1\. Things which aren't essential to your business. (e.g.: things that could
be replaced by nothing (even if just temporarily))

2\. Things which meet the definition of a commodity, in the formal 'fungible
goods' sense of the word.

Many .?aaS offerings fail both of these tests in that they're an essential
component of a service, and also fail the commodity test in that there is
qualitative differentiation between offerings. The features of EC2 (used to
their fullest) are wildly different than those of Rackspace, and the two are
only really fungible with one another across a small subset of their feature
sets.

Examples of offerings that pass this commodity test include:

\- Most mailers (sendgrid, mailgun, postmark, &c) _when used simply_.
Switching from one backend to another isn't a huge endeavour, as they are all
cut from conceptually similar cloth.

\- VPS offerings _when used simply_ (notice a pattern here?). A basic Ubuntu
box in the cloud is a basic Ubuntu box in the cloud.
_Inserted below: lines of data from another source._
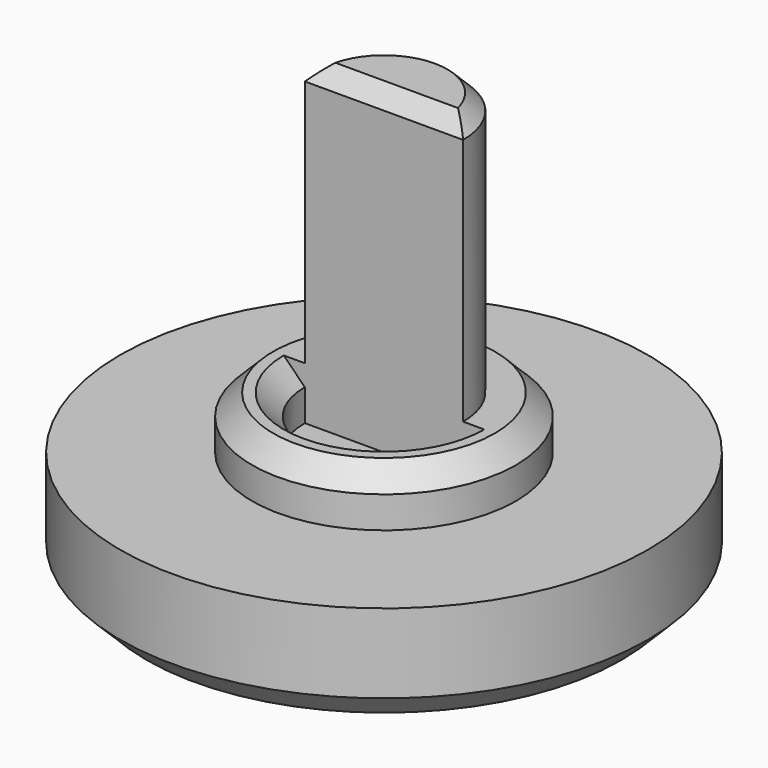
from build123d import *

# Parameters (mm, degrees)
F2_DEPTH = 8
F1_R     = 2.5
F4_DEPTH = 3
F1_R_2   = 5
F6_DEPTH = 2
F7_DEPTH = 2
F8_SIZE  = 0.4
F9_SIZE  = 0.3
F10_SIZE = 0.5
F11_SIZE = 0.4


with BuildPart() as f2:
    # F1 (on Top) → F2 (new body)
    with BuildSketch(Plane.XY):
        with BuildLine():
            Line((-1.5, 0), (1.5, 0))
            ThreePointArc((1.5, 0), (0, 1.5), (-1.5, 0))
        make_face()
    extrude(amount=F2_DEPTH)

    # F1 (on Top) → F4 (join)
    with BuildSketch(Plane.XY):
        Circle(F1_R)
        with BuildLine():
            ThreePointArc((-1.5, 0), (0, 1.5), (1.5, 0))
            ThreePointArc((1.5, 0), (0, -1.5), (-1.5, 0))
        make_face(mode=Mode.SUBTRACT)
    extrude(amount=F4_DEPTH)

    # F1 (on Top) → F6 (join)
    with BuildSketch(Plane.XY):
        Circle(F1_R_2)
        Circle(F1_R, mode=Mode.SUBTRACT)
    extrude(amount=F6_DEPTH)

    # F1 (on Top) → F7 (join)
    with BuildSketch(Plane.XY):
        with BuildLine():
            ThreePointArc((-1.5, 0), (0, -1.5), (1.5, 0))
            Line((1.5, 0), (-1.5, 0))
        make_face()
    extrude(amount=F7_DEPTH)

    # F8
    f8_edges = [f2.edges().sort_by_distance(p)[0] for p in [
        (-2.5, 0, 3),
    ]]
    chamfer(f8_edges, length=F8_SIZE)

    # F9
    f9_edges = [f2.edges().sort_by_distance(p)[0] for p in [
        (0, 1.5, 8),
        (0, 0, 8),
    ]]
    chamfer(f9_edges, length=F9_SIZE)

    # F10
    f10_edges = [f2.edges().sort_by_distance(p)[0] for p in [
        (-5, 0, 0),
    ]]
    chamfer(f10_edges, length=F10_SIZE)

    # F11
    f11_edges = [f2.edges().sort_by_distance(p)[0] for p in [
        (0, -1.5, 3),
    ]]
    chamfer(f11_edges, length=F11_SIZE)


solid = f2.part

In contrast, Stackmob, Parse, et al. all fail this commodity test _hard_.
Switching costs are very high (especially with Stackmob, whose iOS SDK bleeds
anti-patterns all over your app), data migration is a nightmare, and major
architectural assumptions can vanish in an instant

Part of the bargain of leaning on non-commoditized offerings to back essential
services is accepting the risk that they may one day leave you in the lurch.
In the metaphor of technical debt, outsourced services are extending you
credit to finance your technical debt. Having one of your outsourced
dependencies close up shop is really just them calling in their debts.

Of course, there's no right answer. I agree completely that the point is moot
unless you ship; the GP wasn't really intended to be imperative; it was meant
(or at least it was always how I understood it) as more as a heuristic to
assess the risk associated with outsourcing a core dependency that can't be
easily hedged.

------
notastartup
curious to know how you can use [http://baasbox.com](http://baasbox.com) and
deploy it on EC2. It's open source and free, but I guess mobile developers
don't like backend work.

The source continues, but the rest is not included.